How Lumetry Works
Lumetry turns operational telemetry into incident intelligence. This page describes the product as a black box: the information it accepts, the decisions it makes, the objects it produces, and how those objects affect an operations workflow.
It intentionally does not describe Lumetry's internal services, databases, deployment control systems, or processing technology.
Product boundary
Lumetry owns the path from normalized operational signal to contextualized incident:
metric data
|
v
evaluate expected behavior
|
v
record threshold breaches
|
v
open and recover actionable alerts
|
v
correlate related alerts into incidents
|
v
attach service / CI context and notify responders
Collection, dashboards, ticketing, CMDB ownership, and long-term telemetry exploration can remain in the tools you already use. Lumetry integrates with those tools through HTTP APIs, configured sources, collectors, topology synchronization, and webhooks.
Inputs
Metric points
Every point has a metric key, timestamp, numeric value, and optional labels. Labels can represent instances, regions, clusters, or other peer dimensions.
Points can arrive by:
- direct batch or single-point API ingestion;
- scheduled collection from a configured metric source;
- a Lumetry Collector running in a customer-controlled environment.
Ingestion and evaluation are asynchronous. A successful 202 Accepted response means the
data was accepted for processing; violations and alerts can appear shortly afterward.
Metric definitions
A metric definition gives a series its operational meaning: display name, unit, source, entity, ownership model, dimensionality, and lifecycle state. Only active, evaluable metrics can be attached to rules.
Rules and baselines
Rules describe what counts as abnormal and when abnormal points become actionable. They can use fixed thresholds or learned seasonal behavior, and can define separate Warning and Critical levels with trigger and recovery conditions.
Topology
Topology models business services, applications, components, hosts, databases, and their relationships. Metric bindings connect each signal to the entity that emits it.
This context lets Lumetry answer:
- Which service is affected?
- Which configuration item is closest to the signal?
- Which alerts likely describe the same operational problem?
Notification routing
Integrations define delivery targets. Alerting profiles decide which alert lifecycle transitions are sent to which targets.
Decisions Lumetry makes
Is the point abnormal?
Lumetry compares each evaluable point with the threshold band in force at that time. A breach becomes a violation containing the actual value, expected range, direction, severity, and confidence context.
Is the condition actionable?
Rules use violation counts and time windows to avoid opening an alert for every isolated spike. Recovery settings likewise require enough normal behavior before an alert closes, which reduces flapping.
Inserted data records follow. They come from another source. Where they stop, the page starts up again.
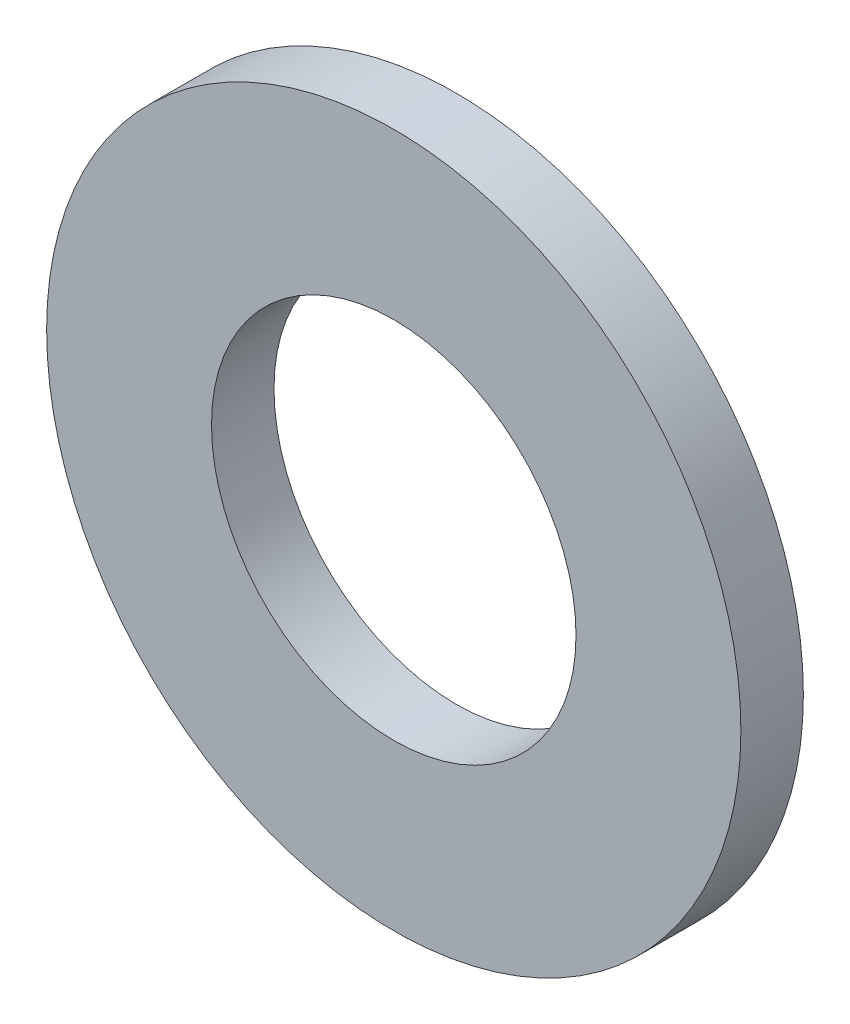
from build123d import *

# Parameters (mm, degrees)
SKETCH1_R      = 10
SKETCH1_R_2    = 5.25
EXTRUDE1_DEPTH = 1.8


with BuildPart() as part:
    # Sketch1 → Extrude1 (new body)
    with BuildSketch(Plane.XY):
        Circle(SKETCH1_R)
        Circle(SKETCH1_R_2, mode=Mode.SUBTRACT)
    extrude(amount=-EXTRUDE1_DEPTH)


solid = part.part
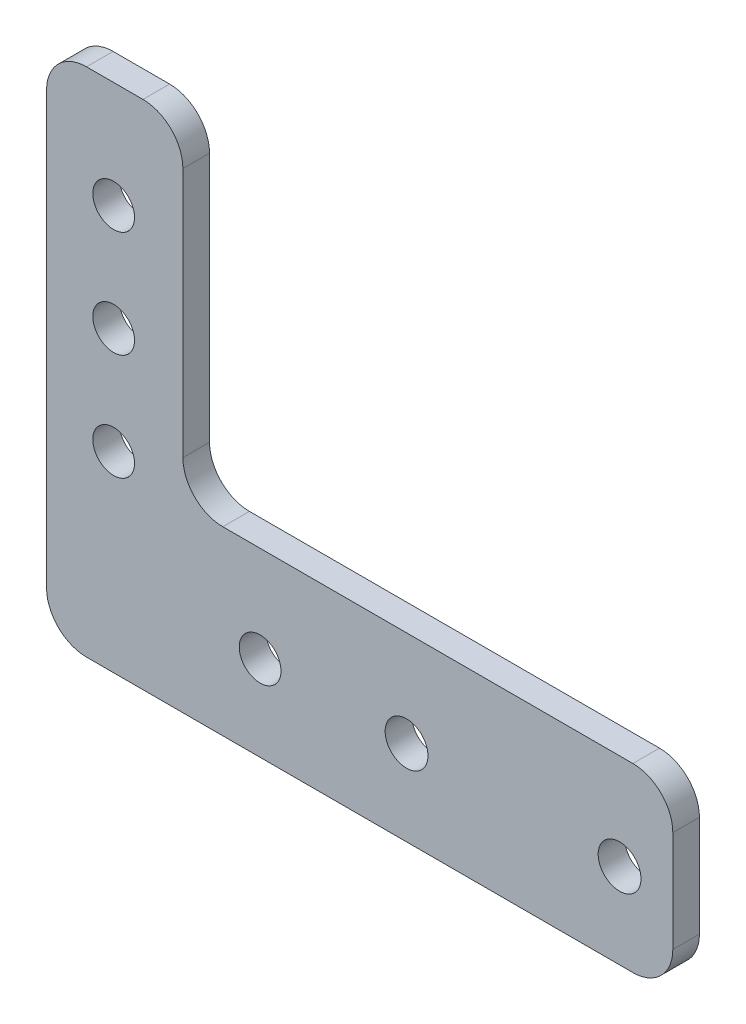
from build123d import *

# Parameters (mm, degrees)
SKETCH1_R           = 2.4892
SKETCH1_R_2         = 2.5527
BOSS_EXTRUDE1_DEPTH = 3.175
FILLET1_R           = 4.7625


with BuildPart() as part:
    # Sketch1 → Boss-Extrude1 (new body)
    with BuildSketch(Plane.XY):
        Polygon((-33.401, 31.75), (-33.401, -29.21), (41.275, -29.21), (41.275, -7.62), (-17.145, -7.62), (-17.145, 31.75), align=None)
        with Locations((-25.4, -19.05)):
            Circle(SKETCH1_R, mode=Mode.SUBTRACT)
        with Locations((-7.9375, -19.05)):
            Circle(SKETCH1_R, mode=Mode.SUBTRACT)
        with Locations((-25.4, -6.35)):
            Circle(SKETCH1_R, mode=Mode.SUBTRACT)
        with Locations((9.525, -19.05)):
            Circle(SKETCH1_R_2, mode=Mode.SUBTRACT)
        with Locations((34.925, -19.05)):
            Circle(SKETCH1_R_2, mode=Mode.SUBTRACT)
        with Locations((-25.4, 6.35)):
            Circle(SKETCH1_R, mode=Mode.SUBTRACT)
        with Locations((-25.4, 19.05)):
            Circle(SKETCH1_R, mode=Mode.SUBTRACT)
        with Locations((-25.4, -19.05)):
            Circle(SKETCH1_R)
    extrude(amount=BOSS_EXTRUDE1_DEPTH)

    # Fillet1
    fillet1_edges = [part.edges().sort_by_distance(p)[0] for p in [
        (-33.401, 31.75, 1.5875),
        (-17.145, 31.75, 1.5875),
        (-17.145, -7.62, 1.5875),
        (41.275, -7.62, 1.5875),
        (41.275, -29.21, 1.5875),
        (-33.401, -29.21, 1.5875),
    ]]
    fillet(fillet1_edges, radius=FILLET1_R)


solid = part.part

Which alerts belong together?
When an alert opens, Lumetry correlates it with current incidents using service or CI context, severity, and time proximity. When topology context is unavailable, the metric identity provides the fallback grouping key.
Who should be notified?
Alert transitions are routed according to the rule's alerting profile or the configured default delivery policy. Delivery failures are retried so a temporary destination outage delays notification instead of silently discarding it.
Outputs
| Output | What it means | Operational use |
|---|---|---|
| Violation | One point breached its expected range. | Forensics, tuning, and audit. |
| Alert | A sustained or repeated condition requires attention. | On-call ownership and recovery tracking. |
| Incident | Related alerts represent one broader problem. | Coordinated incident response. |
| Timeline | Lifecycle and correlation events in time order. | Investigation and handoff. |
| Impact context | Related service, CI, metrics, and alert counts. | Prioritization and routing. |
| Notification | An alert opened or closed. | Downstream chat, webhook, or automation flow. |
| System alert | Collection or platform-facing input health needs attention. | Restore observability coverage. |
Effects on the operations process
Without correlation, responders receive individual signals and must reconstruct the service impact manually. With Lumetry:
- transient points remain forensic violations rather than immediate pages;
- sustained conditions become alerts with explicit trigger reasons;
- related alerts join one incident instead of creating separate investigations;
- topology adds the affected service and CI;
- timelines and underlying evidence stay attached to the incident;
- lifecycle transitions can drive external automation.
Integration surfaces
| Goal | Surface |
|---|---|
| Push metric points | POST /v1/metrics |
| Register and operate customer-side collection | /api/collectors and /v1/collectors/* |
| Register metric metadata | /api/metric-definitions |
| Configure pull-based metric sources | /api/metric-sources |
| Synchronize service/CI topology | POST /v1/topology |
| Read alerts and incidents | /api/alerts, /api/incidents |
| Deliver alert transitions | Alerting integrations and profiles |
The public HTTP contracts remain the integration boundary regardless of how Lumetry is deployed.